As an asset-backed security with a stable income, Sukuk may be seen as an Islamic equivalent aukuk bond.

However, fixed income interest bearing bonds are not permissible in Islam, hence Sukuk should comply with investment principles within the Islamic law, which prohibits the charging, or paying of interest. The main condition for issuance of Sukuk is the existence of assets on the balance sheet of the issuing entity that wants to mobilise its financial resources Treasury and Capital Market Operations; IIBI; The issuer of a Sukuk sells an investor the certificate, who then rents it back to the issuer for a predetermined rental fee.

The issuer also makes a contractual sukhk to buy back the bonds at a future date at par value.

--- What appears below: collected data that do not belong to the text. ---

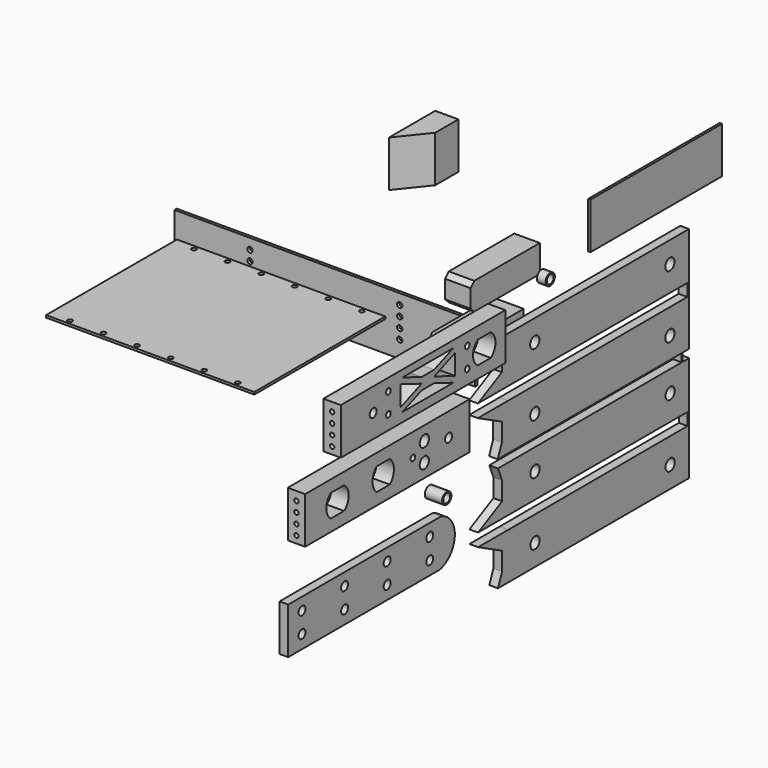
from build123d import *

# Parameters (mm, degrees)
F0_R      = 4.7625
F1_DEPTH  = 19.05
F2_R      = 6.35
F2_R_2    = 4.7625
F3_DEPTH  = 9.525
F4_R      = 6.35
F5_DEPTH  = 9.525
F6_R      = 4.7625
F7_DEPTH  = 19.05
F8_W      = 28
F8_H      = 30
F9_DEPTH  = 95
F10_SIZE  = 5.08
F11_R     = 6.35
F11_R_2   = 4.7625
F12_DEPTH = 19.05
F13_W     = 330.2
F13_H     = 63.5
F14_DEPTH = 3.175
F15_R     = 2.413
F16_DEPTH = 19.05
F17_R     = 2.413
F18_DEPTH = 19.05
F19_R     = 2.9180185013
F20_DEPTH = 3.175
F21_W     = 228.6
F21_H     = 179.67452
F22_DEPTH = 2.54
F23_W     = 34
F23_H     = 16
F24_DEPTH = 85
F25_R     = 3.81
F26_W     = 25
F26_H     = 11
F27_DEPTH = 50
F28_R     = 1.905
F29_R     = 2.54
F30_R     = 6.35
F30_R_2   = 3.175
F31_DEPTH = 19.051
F32_R     = 3.175
F33_DEPTH = 19.051
F34_W     = 180.34
F34_H     = 50.8
F35_DEPTH = 2.54
F37_DEPTH = 50.8
F38_R     = 4.7625
F39_DEPTH = 9.525
F40_R     = 2.54
F41_DEPTH = 221.6923379794


# Not quite as in the source:
# - a feature names something its author has since deleted; it is built from what else it names


with BuildPart() as f1:
    # F0 (on Right) → F1 (new body)
    with BuildSketch(Plane.YZ):
        Polygon((-332.2147077466, 2.7124105329), (-106.4393089773, 2.4784408054), (-106.4393089773, 53.6406252215), (-332.2147077466, 53.6096477747), align=None)
        with Locations((-287.7648304939, 27.9925726354)):
            Circle(F0_R, mode=Mode.SUBTRACT)
        with BuildLine():
            Line((-126.3478304939, 15.5465726354), (-135.3648304939, 15.5465726354))
            Line((-135.3648304939, 15.5465726354), (-144.3818304939, 15.5465726354))
            ThreePointArc((-144.3818304939, 15.5465726354), (-150.7685076522, 27.9925726354), (-144.3818304939, 40.4385726354))
            Line((-144.3818304939, 40.4385726354), (-126.3478304939, 40.4385726354))
            ThreePointArc((-126.3478304939, 40.4385726354), (-119.9611533356, 27.9925726354), (-126.3478304939, 15.5465726354))
        make_face(mode=Mode.SUBTRACT)
    extrude(amount=F1_DEPTH)

    # F17 (on face) → F18 (cut)
    with BuildSketch(Plane.XZ.offset(332.2147077466)):
        with BuildLine():
            ThreePointArc((9.525, 46.4510387747), (7.818751337, 42.3317901117), (11.938, 44.0380387747))
            ThreePointArc((11.938, 44.0380387747), (11.231248663, 45.7442874377), (9.525, 46.4510387747))
        make_face()
        with Locations((9.525, 32.8620387747)):
            Circle(F17_R)
        with Locations((9.525, 21.6860387747)):
            Circle(F17_R)
        with Locations((9.525, 10.5100387747)):
            Circle(F17_R)
    extrude(amount=-F18_DEPTH, mode=Mode.SUBTRACT)

    # F32 (on face) → F33 (cut, through all)
    with BuildSketch(Plane(origin=(0, 0, 0), x_dir=(0, -1, 0), z_dir=(-1, 0, 0))):
        Polygon((175.4130546206, 18.0942449807), (204.1231814975, 29.20619739), (175.4130546206, 40.3181497992), (175.4130546206, 29.20619739), align=None)
        Polygon((249.9933961982, 40.3181497992), (221.2832693213, 29.20619739), (249.9933961982, 18.0942449807), (249.9933961982, 29.20619739), align=None)
        Polygon((212.7032254094, 22.7010805696), (204.1231814975, 22.7010805696), (177.7323673261, 12.4867937303), (212.7032254094, 12.4867937303), align=None)
        Polygon((221.2832693213, 22.7010805696), (212.7032254094, 22.7010805696), (212.7032254094, 12.4867937303), (247.6740834927, 12.4867937303), align=None)
        Polygon((212.7032254094, 35.7113142103), (221.2832693213, 35.7113142103), (247.6740834927, 45.9256010496), (212.7032254094, 45.9256010496), align=None)
        Polygon((204.1231814975, 35.7113142103), (212.7032254094, 35.7113142103), (212.7032254094, 45.9256010496), (177.7323673261, 45.9256010496), align=None)
        with Locations((158.5829828137, 40.3181497992)):
            Circle(F32_R)
        with Locations((266.8234680051, 40.3181497992)):
            Circle(F32_R)
        with Locations((158.5829828137, 18.0942449807)):
            Circle(F32_R)
        with Locations((266.8234680051, 18.0942449807)):
            Circle(F32_R)
    extrude(amount=-F33_DEPTH, mode=Mode.SUBTRACT)


with BuildPart() as f3:
    # F2 (on Right) → F3 (new body)
    with BuildSketch(Plane.YZ):
        with Locations((-32.9032354057, 50.414275378)):
            Circle(F2_R)
        with Locations((-32.9032354057, 50.414275378)):
            Circle(F2_R_2, mode=Mode.SUBTRACT)
    extrude(amount=F3_DEPTH)


with BuildPart() as f5:
    # F4 (on Right) → F5 (new body)
    with BuildSketch(Plane.YZ):
        Polygon((157.4620574125, -34.670151101), (157.4620574125, -29.5203078462), (155.232495817, -29.5178673448), (155.2268587516, -34.6677044292), align=None)
        Polygon((155.232495817, -29.5178673448), (157.4620574125, -29.5203078462), (157.4620574125, 21.6363745818), (-90.9440192401, 21.6024030113), (-104.925731799, 21.6024030113), (-99.2401043375, 7.6732855383), (-99.2401043375, -12.4376901768), (-132.216701885, -29.2483969123), (-90.9468061847, -29.2483969123), align=None)
        with Locations((-54.0916884998, -1.802932184)):
            Circle(F4_R, mode=Mode.SUBTRACT)
        with Locations((131.3283115002, -1.802932184)):
            Circle(F4_R, mode=Mode.SUBTRACT)
        Polygon((157.4620574125, -36.3296834714), (157.4620574125, -34.670151101), (155.2268587516, -34.6677044292), (155.2175832291, -43.1415159214), (157.4620574125, -43.1390590966), align=None)
        Polygon((157.4620574125, -43.1390590966), (155.2175832291, -43.1415159214), (-90.9468061847, -43.4109700305), (-132.216701885, -43.4109700305), (-99.2401043375, -60.2216767659), (-99.2401043375, -80.332652481), (-104.925731799, -94.2617699541), (-90.9440192401, -94.2617699541), (147.4848452582, -94.2943770589), (148.8858715673, -94.2945686607), (157.4620574125, -94.2957415245), align=None)
        with Locations((-54.0916884998, -70.8564347588)):
            Circle(F4_R, mode=Mode.SUBTRACT)
        with Locations((131.3283115002, -70.8564347588)):
            Circle(F4_R, mode=Mode.SUBTRACT)
        Polygon((148.8846508814, -103.2204383231), (148.8858715673, -94.2945686607), (147.4848452582, -94.2943770589), (147.4836245198, -103.220629925), align=None)
        Polygon((157.7795471497, -103.219221873), (148.8846508814, -103.2204383231), (147.4836245198, -103.220629925), (-90.6265295029, -103.2531934435), (-104.6082420618, -103.2531934435), (-98.9226146003, -117.1823109166), (-98.9226146003, -137.2932866316), (-131.8992121478, -154.1039933671), (-90.6293164474, -154.1039933671), (155.5499855542, -154.3734637996), (157.7795471497, -154.375904301), align=None)
        with Locations((-53.7741987626, -126.6585286388)):
            Circle(F4_R, mode=Mode.SUBTRACT)
        with Locations((131.6458012374, -126.6585286388)):
            Circle(F4_R, mode=Mode.SUBTRACT)
        Polygon((157.7795471497, -159.5257475559), (157.7795471497, -154.375904301), (155.5499855542, -154.3734637996), (155.5443484888, -159.5233008841), align=None)
        Polygon((157.7795471497, -161.1852799262), (157.7795471497, -159.5257475559), (155.5443484888, -159.5233008841), (155.5350729663, -167.9971123763), (157.7795471497, -167.9946555514), align=None)
        Polygon((157.7795471497, -167.9946555514), (155.5350729663, -167.9971123763), (-90.6293164474, -168.2665664853), (-131.8992121478, -168.2665664853), (-98.9226146003, -185.0772732208), (-98.9226146003, -205.1882489358), (-104.6082420618, -219.1173664089), (-90.6265295029, -219.1173664089), (157.7795471497, -219.1513379794), align=None)
        with Locations((-53.7741987626, -195.7120312136)):
            Circle(F4_R, mode=Mode.SUBTRACT)
        with Locations((131.6458012374, -195.7120312136)):
            Circle(F4_R, mode=Mode.SUBTRACT)
    extrude(amount=F5_DEPTH)


with BuildPart() as f7:
    # F6 (on Right) → F7 (new body)
    with BuildSketch(Plane.YZ):
        Polygon((-381.1699564363, -63.4196239461), (-155.394557667, -63.6535936735), (-155.394557667, -12.4914092575), (-381.1699564363, -12.5688240225), align=None)
        with BuildLine():
            ThreePointArc((-345.7370791836, -50.5214284561), (-352.1237563419, -38.0754284561), (-345.7370791836, -25.6294284561))
            Line((-345.7370791836, -25.6294284561), (-327.7030791836, -25.6294284561))
            ThreePointArc((-327.7030791836, -25.6294284561), (-321.3164020253, -38.0754284561), (-327.7030791836, -50.5214284561))
            Line((-327.7030791836, -50.5214284561), (-336.7200791836, -50.5214284561))
            Line((-336.7200791836, -50.5214284561), (-345.7370791836, -50.5214284561))
        make_face(mode=Mode.SUBTRACT)
        with Locations((-184.3200791836, -38.0725014655)):
            Circle(F6_R, mode=Mode.SUBTRACT)
    extrude(amount=F7_DEPTH)

    # F15 (on face) → F16 (cut)
    with BuildSketch(Plane.XZ.offset(381.1699564363)):
        with Locations((9.525, -22.140443325)):
            Circle(F15_R)
        with Locations((9.525, -33.316443325)):
            Circle(F15_R)
        with Locations((9.525, -44.492443325)):
            Circle(F15_R)
        with Locations((9.525, -55.668443325)):
            Circle(F15_R)
    extrude(amount=-F16_DEPTH, mode=Mode.SUBTRACT)

    # F30 (on face) → F31 (cut, through all)
    with BuildSketch(Plane(origin=(0, 0, 0), x_dir=(0, -1, 0), z_dir=(-1, 0, 0))):
        Polygon((274.0023015713, -50.5214284561), (283.0447015713, -50.5214284561), (283.0447015713, -25.6294284561), (264.9599015713, -25.6294284561), (264.9599015713, -50.5214284561), align=None)
        with BuildLine():
            Line((283.0447015713, -25.6294284561), (283.0447015713, -50.5214284561))
            ThreePointArc((283.0447015713, -50.5214284561), (288.6736622572, -38.0754284561), (283.0447015713, -25.6294284561))
        make_face()
        with BuildLine():
            ThreePointArc((264.9599015713, -25.6294284561), (259.3309408853, -38.0754284561), (264.9599015713, -50.5214284561))
            Line((264.9599015713, -50.5214284561), (264.9599015713, -25.6294284561))
        make_face()
        with Locations((217.5404429436, -27.6374015957)):
            Circle(F30_R)
        with Locations((217.5404429436, -48.6397631466)):
            Circle(F30_R)
        with Locations((233.2088649273, -37.6385264099)):
            Circle(F30_R_2)
    extrude(amount=-F31_DEPTH, mode=Mode.SUBTRACT)


with BuildPart() as f9:
    # F8 (on Front) → F9 (new body)
    with BuildSketch(Plane.XZ):
        with Locations((-42.2337934971, 44.8543777317)):
            Rectangle(F8_W, F8_H)
    extrude(amount=F9_DEPTH)

    # F10
    f10_edges = [f9.edges().sort_by_distance(p)[0] for p in [
        (-42.233793, -95, 59.854378),
        (-42.233793, -95, 29.854378),
    ]]
    chamfer(f10_edges, length=F10_SIZE)


with BuildPart() as f12:
    # F11 (on Right) → F12 (new body)
    with BuildSketch(Plane.YZ):
        with Locations((-186.7705434561, -95.4420268536)):
            Circle(F11_R)
        with Locations((-186.7705434561, -95.4420268536)):
            Circle(F11_R_2, mode=Mode.SUBTRACT)
    extrude(amount=F12_DEPTH)


with BuildPart() as f14:
    # F13 (on Front) → F14 (new body)
    with BuildSketch(Plane.XZ):
        with Locations((-261.6744421959, -68.3120494597)):
            Rectangle(F13_W, F13_H)
    extrude(amount=F14_DEPTH)

    # F19 (on face) → F20 (cut, through all)
    with BuildSketch(Plane.XZ.offset(3.175)):
        with Locations((-343.8294721959, -47.9920494597)):
            Circle(F19_R)
        with Locations((-343.8294721959, -59.1680494597)):
            Circle(F19_R)
        with Locations((-343.8294721959, -70.3440494597)):
            Circle(F19_R)
        with Locations((-343.8294721959, -81.5200494597)):
            Circle(F19_R)
        with Locations((-179.5194121959, -70.3440494597)):
            Circle(F19_R)
        with Locations((-179.5194121959, -59.1680494597)):
            Circle(F19_R)
        with BuildLine():
            Line((-179.5194121959, -47.9920494597), (-182.4374306972, -47.9920494597))
            ThreePointArc((-182.4374306972, -47.9920494597), (-179.5194121959, -50.910067961), (-176.6013936946, -47.9920494597))
            ThreePointArc((-176.6013936946, -47.9920494597), (-177.456061526, -45.9286987898), (-179.5194121959, -45.0740309584))
            Line((-179.5194121959, -45.0740309584), (-179.5194121959, -47.9920494597))
        make_face()
        with Locations((-179.5194121959, -81.5200494597)):
            Circle(F19_R)
        with BuildLine():
            ThreePointArc((-179.5194121959, -45.0740309584), (-181.5827628658, -45.9286987898), (-182.4374306972, -47.9920494597))
            Line((-182.4374306972, -47.9920494597), (-179.5194121959, -47.9920494597))
            Line((-179.5194121959, -47.9920494597), (-179.5194121959, -45.0740309584))
        make_face()
    extrude(amount=-F20_DEPTH, mode=Mode.SUBTRACT)


with BuildPart() as f22:
    # F21 (on Top) → F22 (new body)
    with BuildSketch(Plane.XY):
        with Locations((-229.5971042633, -193.1023826678)):
            Rectangle(F21_W, F21_H)
    extrude(amount=F22_DEPTH)

    # F40 (on face) → F41 (cut, through all)
    with BuildSketch(Plane.XY.offset(2.54)):
        with Locations((-321.3791251183, -108.0276226678)):
            Circle(F40_R)
        with Locations((-284.5491251183, -108.0276226678)):
            Circle(F40_R)
        with Locations((-247.7191251183, -108.0276226678)):
            Circle(F40_R)
        with Locations((-210.8891251183, -108.0276226678)):
            Circle(F40_R)
        with Locations((-174.0591251183, -108.0276226678)):
            Circle(F40_R)
        with Locations((-137.2291251183, -108.0276226678)):
            Circle(F40_R)
        with Locations((-284.5491251183, -278.1771426678)):
            Circle(F40_R)
        with Locations((-321.3791251183, -278.1771426678)):
            Circle(F40_R)
        with Locations((-247.7191251183, -278.1771426678)):
            Circle(F40_R)
        with Locations((-174.0591251183, -278.1771426678)):
            Circle(F40_R)
        with Locations((-137.2291251183, -278.1771426678)):
            Circle(F40_R)
        with Locations((-210.8891251183, -278.1771426678)):
            Circle(F40_R)
    extrude(amount=-F41_DEPTH, mode=Mode.SUBTRACT)


with BuildPart() as f24:
    # F23 (on Front) → F24 (new body)
    with BuildSketch(Plane.XZ):
        with Locations((-62.9992904067, -17.5642086267)):
            Rectangle(F23_W, F23_H)
    extrude(amount=F24_DEPTH)

    # F25
    f25_edges = [f24.edges().sort_by_distance(p)[0] for p in [
        (-62.99929, -85, -25.564209),
        (-62.99929, -85, -9.564209),
    ]]
    fillet(f25_edges, radius=F25_R)


with BuildPart() as f27:
    # F26 (on Front) → F27 (new body)
    with BuildSketch(Plane.XZ):
        with Locations((-84.0954952087, -46.9318069518)):
            Rectangle(F26_W, F26_H)
    extrude(amount=F27_DEPTH)

    # F28
    f28_edges = [f27.edges().sort_by_distance(p)[0] for p in [
        (-84.095495, -50, -41.431807),
        (-96.595495, -50, -46.931807),
        (-84.095495, -50, -52.431807),
        (-71.595495, -50, -46.931807),
    ]]
    fillet(f28_edges, radius=F28_R)

    # F29
    f29_edges = [f27.edges().sort_by_distance(p)[0] for p in [
        (-71.595495, 0, -46.931807),
        (-84.095495, 0, -41.431807),
        (-96.595495, 0, -46.931807),
        (-84.095495, 0, -52.431807),
    ]]
    fillet(f29_edges, radius=F29_R)


with BuildPart() as f35:
    # F34 (on Right) → F35 (new body)
    with BuildSketch(Plane.YZ):
        with Locations((121.262312187, 73.6839345932)):
            Rectangle(F34_W, F34_H)
    extrude(amount=F35_DEPTH)


with BuildPart() as f37:
    # F36 (on Top) → F37 (new body)
    with BuildSketch(Plane.XY):
        Polygon((-262.3816430569, 149.1663137674), (-262.3816430569, 85.6663137674), (-236.9816430569, 117.4163137674), (-236.9816430569, 149.1663137674), align=None)
    extrude(amount=F37_DEPTH)


with BuildPart() as f39:
    # F38 (on Right) → F39 (new body)
    with BuildSketch(Plane.YZ):
        with BuildLine():
            ThreePointArc((-163.8942807913, -144.9705064297), (-163.8182755561, -142.9741592804), (-163.8942807913, -140.9778121311))
            Line((-163.8942807913, -140.9778121311), (-163.8942807913, -144.9705064297))
        make_face()
        with BuildLine():
            Line((-182.5617104769, -117.8159223318), (-392.4942807913, -117.8159223318))
            Line((-392.4942807913, -117.8159223318), (-392.4942807913, -168.6159223318))
            Line((-392.4942807913, -168.6159223318), (-184.4284534454, -168.6159223318))
            ThreePointArc((-184.4284534454, -168.6159223318), (-170.250111038, -160.1898307896), (-163.8942807913, -144.9705064297))
            Line((-163.8942807913, -144.9705064297), (-163.8942807913, -140.9778121311))
            ThreePointArc((-163.8942807913, -140.9778121311), (-169.6312860792, -126.4980829226), (-182.5617104769, -117.8159223318))
        make_face()
        with Locations((-373.5028803349, -153.9315131245)):
            Circle(F38_R, mode=Mode.SUBTRACT)
        with Locations((-315.0828803349, -153.9315131245)):
            Circle(F38_R, mode=Mode.SUBTRACT)
        with Locations((-256.6628803349, -153.9315131245)):
            Circle(F38_R, mode=Mode.SUBTRACT)
        with Locations((-198.2428803349, -153.9315131245)):
            Circle(F38_R, mode=Mode.SUBTRACT)
        with Locations((-373.5028803349, -131.3255131245)):
            Circle(F38_R, mode=Mode.SUBTRACT)
        with Locations((-315.0828803349, -131.3255131245)):
            Circle(F38_R, mode=Mode.SUBTRACT)
        with Locations((-256.6628803349, -131.3255131245)):
            Circle(F38_R, mode=Mode.SUBTRACT)
        with Locations((-198.2428803349, -131.3255131245)):
            Circle(F38_R, mode=Mode.SUBTRACT)
    extrude(amount=F39_DEPTH)


solid = Compound([f1.part, f3.part, f5.part, f7.part, f9.part, f12.part, f14.part, f22.part, f24.part, f27.part, f35.part, f37.part, f39.part])

The claim embodied in Sukuk is not simply a claim to cash flow but an ownership claim. A Sukuk basically represents either a proportional or an undivided interest in an asset or pool of assets.

Sukuk Al-Mudaraba

maksid The degree of asset ownership rights subsequent to ownership interest carries the right to a proportionate share of cash flow or other benefits and risks of ownership. In fact, in conventional bonds the issuer is contractually obliged to pay regular interest to bond holders on specific dates; the amount of interest is determined as a fixed or a floating percentage of the capital, and bond issuer guarantee the return of principal when redeemed at maturity, regardless of whether the enterprise was profitable or not; whereas Sukuk are basically investment certificates consisting of ownership claims in a pool of assets where holders are entitled to share in the revenues generated by the Sukuk assets and share in the proceeds of the realization of the Sukuk assets.


Expected returns on Sukuk are tied to the returns earned through the underlying assets. Another distinguishing feature of a Sukuk is that in instances where the certificate represents a debt to the holder, the certificate will not be tradable on the secondary market and instead is held until maturity or sold at par. Sukuk should be considered as a new asset class with a relatively attractive pricing.

Income from securities must be related to the purpose for which the funding is used, and not simply comprise income that may be attributed to any form of interest; and securities should be backed by real underlying assets, rather than being simply paper derivatives.

The accountabilities of the respective parties involved in Sukuk transactions should be defined in a transparent manner in the contract.

Sukuk should be a means for the equitable distribution of wealth by allowing all investors to benefit from the true profits resulting from the enterprise in equal shares.